Jubel brandete am Dienstagabend auf für ein furioses Darsteller-, Regie- und Technik-Team vom Thalia-Theater Hamburg, das im ausverkauften Theater der Stadthalle das erfolgreichste und meistinszenierte Stück der letzten Jahre spielte: „Tschick“ von Wolfgang Herrndorf.

Die aufregende, skurrile, urkomische und berührende Geschichte über die 14-jährigen Jungen Maik und Tschick und das Mädchen Isa, über den Beginn ihrer wunderbaren Freundschaft und ihren Sprung ins Erwachsenenleben. Der (Jugend-)Roman „Tschick“, 2012 ausgezeichnet mit dem Fallada-Preis, war der literarische Durchbruch für Wolfgang Herrndorf, der 1965 in Hamburg geboren wurde und 2013 in Berlin verstarb. Bereits 2011 wurde am Schauspielhaus Dresden die Bühnenfassung von Robert Koall, der sich als „Arrangeur“ des Textes sieht, uraufgeführt.
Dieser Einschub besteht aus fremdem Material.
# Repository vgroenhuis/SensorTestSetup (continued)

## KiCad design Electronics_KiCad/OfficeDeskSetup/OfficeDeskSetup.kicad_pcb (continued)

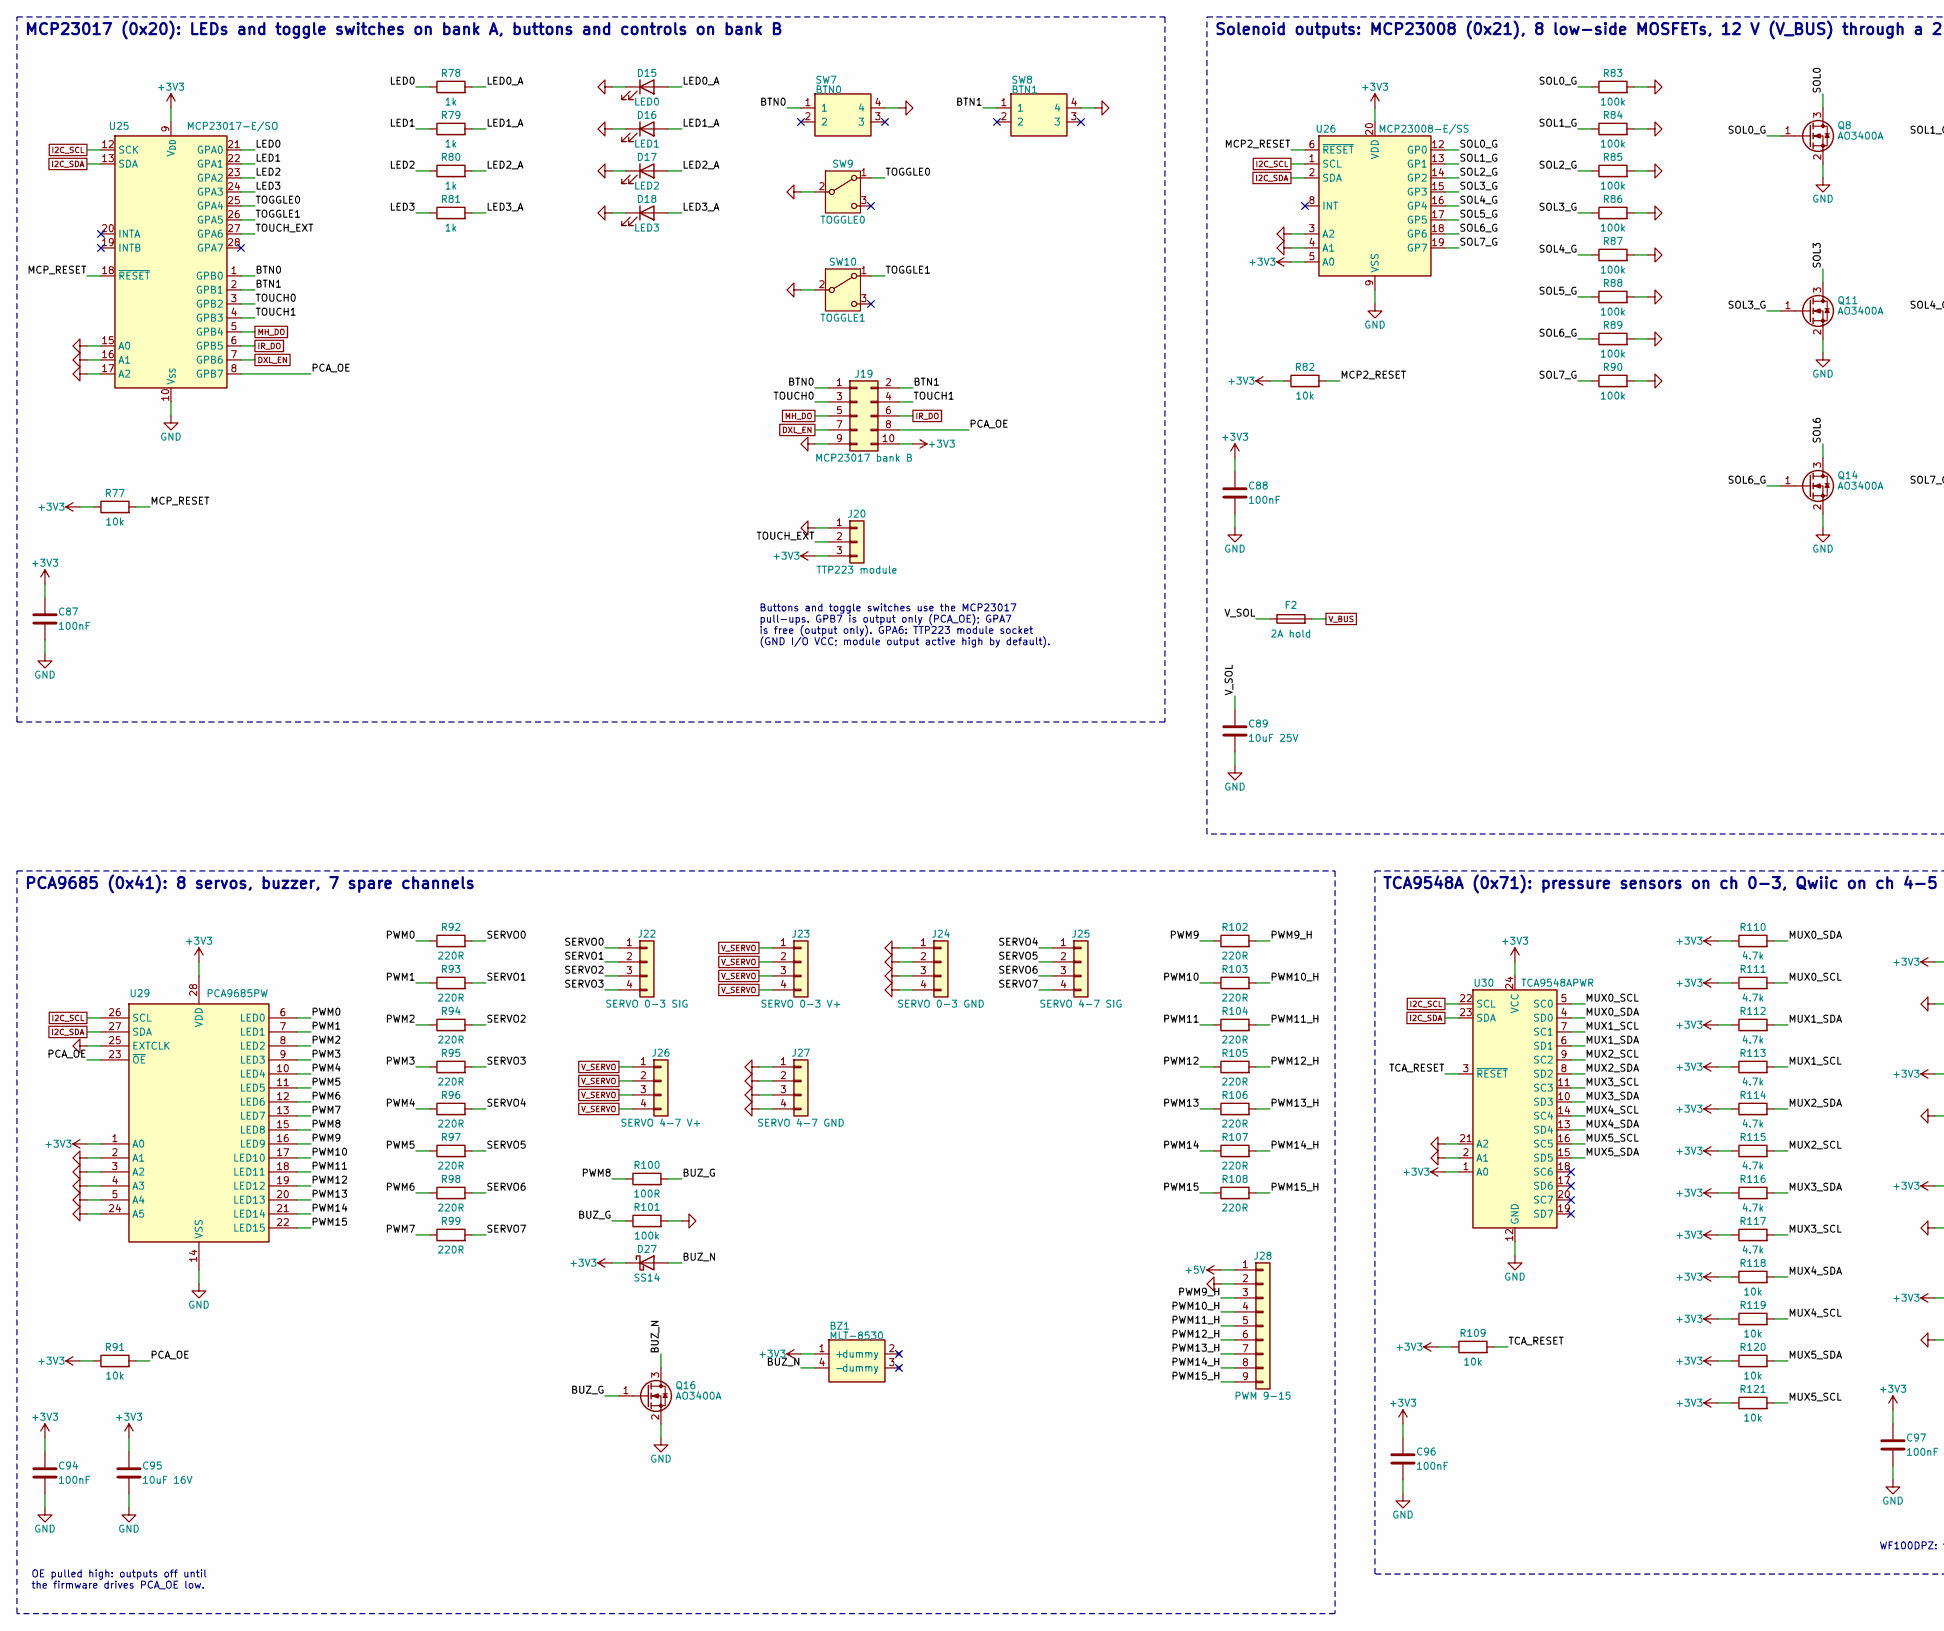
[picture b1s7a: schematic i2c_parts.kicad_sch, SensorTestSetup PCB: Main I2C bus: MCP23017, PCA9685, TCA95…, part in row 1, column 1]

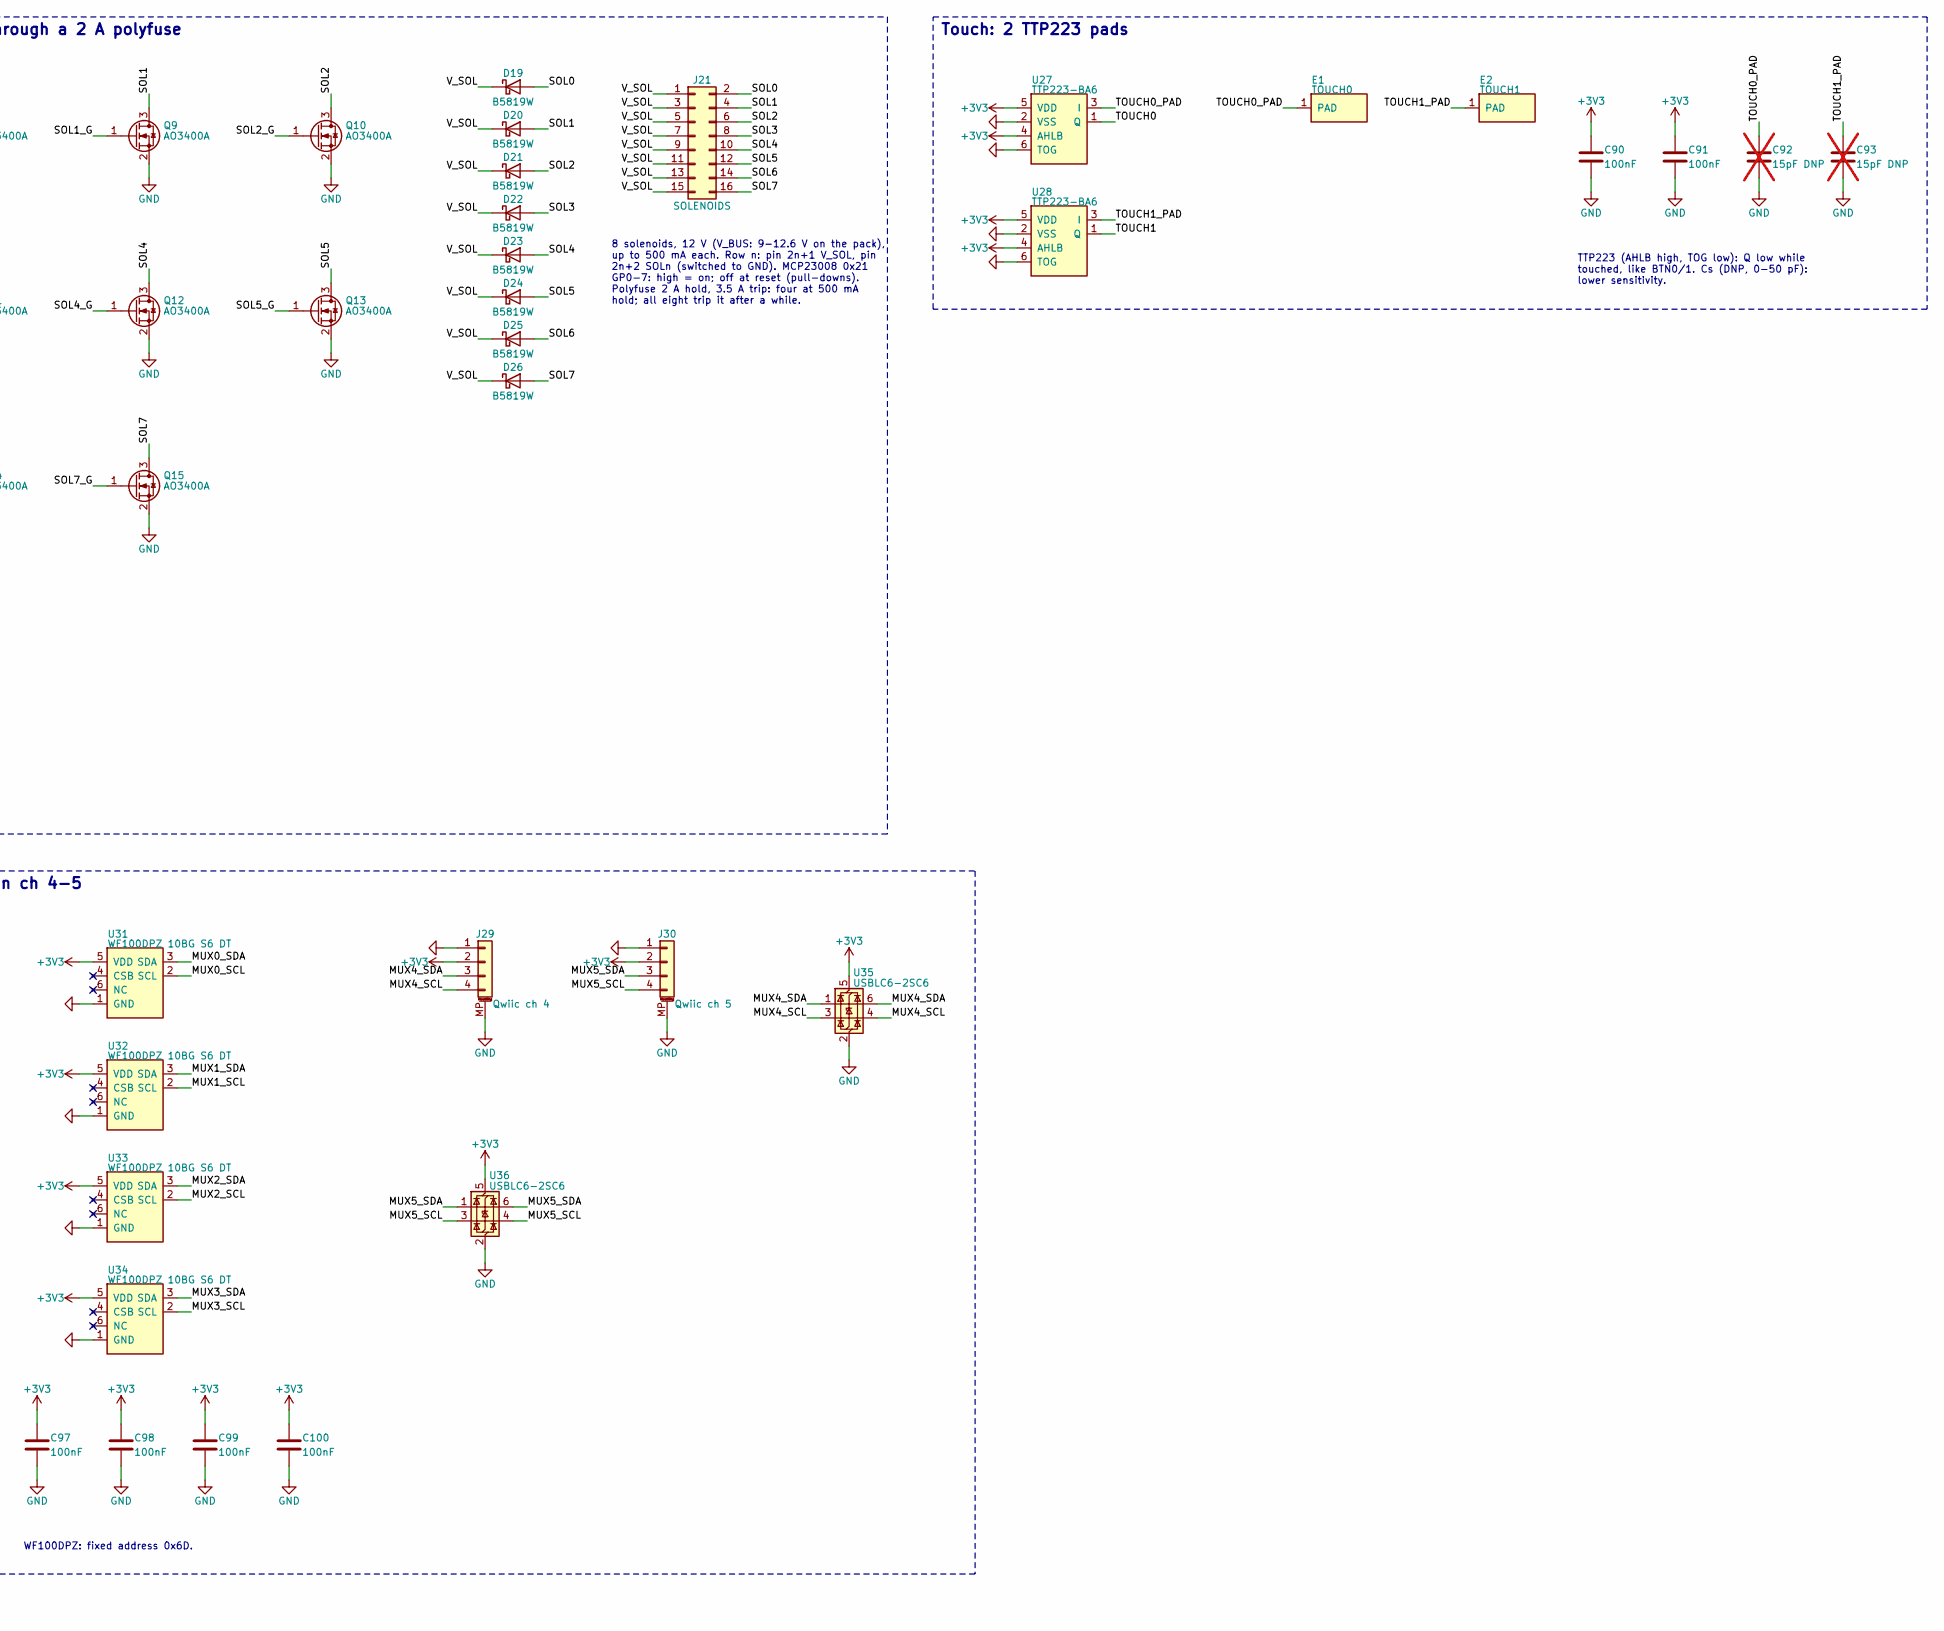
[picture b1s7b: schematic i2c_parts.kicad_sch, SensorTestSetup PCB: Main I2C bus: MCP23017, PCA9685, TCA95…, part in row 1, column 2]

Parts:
BZ1: MLT-8530; BUZ-SMD_4P-L8.5-W8.5-P8.50-BR; LCSC C94599
C87, C88, C90, C91, C94, C96, C97, C98, C99, C100: 100nF; C_0603_1608Metric; LCSC C14663
C89: 10uF 25V; C_1206_3216Metric; LCSC C13585
C92, C93: 15pF DNP; C_0603_1608Metric; LCSC C1644; not fitted
C95: 10uF 16V; C_0805_2012Metric; LCSC C15850
D15: LED0; LED_0603_1608Metric; LCSC C2286
D16: LED1; LED_0603_1608Metric; LCSC C2286
D17: LED2; LED_0603_1608Metric; LCSC C2286
D18: LED3; LED_0603_1608Metric; LCSC C2286
D19, D20, D21, D22, D23, D24, D25, D26: B5819W; D_SOD-123; LCSC C8598
D27: SS14; D_SMA; LCSC C2480
E1: TOUCH0; TouchPad_D11mm
E2: TOUCH1; TouchPad_D11mm
F2: 2A hold; Fuse_1812_4532Metric; LCSC C545213
J19: MCP23017 bank B; PinHeader_2x05_P2.54mm_Vertical; LCSC C32713278
J20: TTP223 module; PinSocket_1x03_P2.54mm_Vertical
J21: SOLENOIDS; PinHeader_2x08_P2.54mm_Vertical
J22: SERVO 0-3 SIG; PinHeader_1x04_P2.54mm_Vertical; LCSC C42431808
J23: SERVO 0-3 V+; PinHeader_1x04_P2.54mm_Vertical; LCSC C42431808
J24: SERVO 0-3 GND; PinHeader_1x04_P2.54mm_Vertical; LCSC C42431808
J25: SERVO 4-7 SIG; PinHeader_1x04_P2.54mm_Vertical; LCSC C42431808
J26: SERVO 4-7 V+; PinHeader_1x04_P2.54mm_Vertical; LCSC C42431808
J27: SERVO 4-7 GND; PinHeader_1x04_P2.54mm_Vertical; LCSC C42431808
J28: PWM 9-15; PinHeader_1x09_P2.54mm_Vertical; LCSC C27985193
J29: Qwiic ch 4; JST_SH_SM04B-SRSS-TB_1x04-1MP_P1.00mm_Horizontal; LCSC C51940130
J30: Qwiic ch 5; JST_SH_SM04B-SRSS-TB_1x04-1MP_P1.00mm_Horizontal; LCSC C51940130
Q8, Q9, Q10, Q11, Q12, Q13, Q14, Q15, Q16: AO3400A; SOT-23; LCSC C20917
R77, R82, R91, R109, R118, R119, R120, R121: 10k; R_0603_1608Metric; LCSC C25804
R78, R79, R80, R81: 1k; R_0603_1608Metric; LCSC C21190
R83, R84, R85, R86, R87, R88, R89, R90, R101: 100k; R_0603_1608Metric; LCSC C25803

Er hatte das richtige Gespür für Maik und Tschick, wählte sicher die Situationen aus, die die Bühne realisieren kann, und hielt sich eng an die großartigen Dialoge und Erzählpassagen.

Die Inszenierung des Thalia-Theaters begeisterte sowohl durch Spontaneität wie Präzision, steckte voller Fantasie, war manchmal etwas abgedreht und immer höchst lebendig – auch durch den Einsatz vieler Theater-Elemente. Regisseur Christopher Rüping und das Darsteller-Trio bestachen durch Ideenreichtum, Leichtigkeit und unerwartete, amüsante Spielvarianten. Im Mittelpunkt der Handlung stehen zwei 14-jährige Schüler der 7. Klasse eines Berliner Gymnasiums: Maik Klingenberg, „wohlstandsverwahrlost“ und einsam und Andrej Tschichatschow, genannt Tschick, bettelarm und unternehmungslustig. Dieser Tschick steht zu Beginn der Sommerferien mit einem geklauten alten Lada vor Maiks Tür und animiert ihn zu einer Autotour. Er will seinen Großvater in der Walachei besuchen, doch ohne Karte und Kompass kommen sie nicht weit und bestehen irgendwo im Nirgendwo südlich von Berlin die tollsten Abenteuer. Sie kraxeln auf Mülldeponien, erleben die Schönheiten der Natur und lernen von Isa, dem klugen Mädchen von der Deponie, nützliche Dinge – auch über die Liebe. Franziska Hartmann gestaltete Isa und noch etliche weitere Rollen mit Überzeugungskraft und Pfiff.

Ganz authentisch, locker und selbstverständlich im Spiel begeisterten Pascal Houdus und Steffen Siegmund als Tschick und Maik. Großer Beifall für großartiges Theater!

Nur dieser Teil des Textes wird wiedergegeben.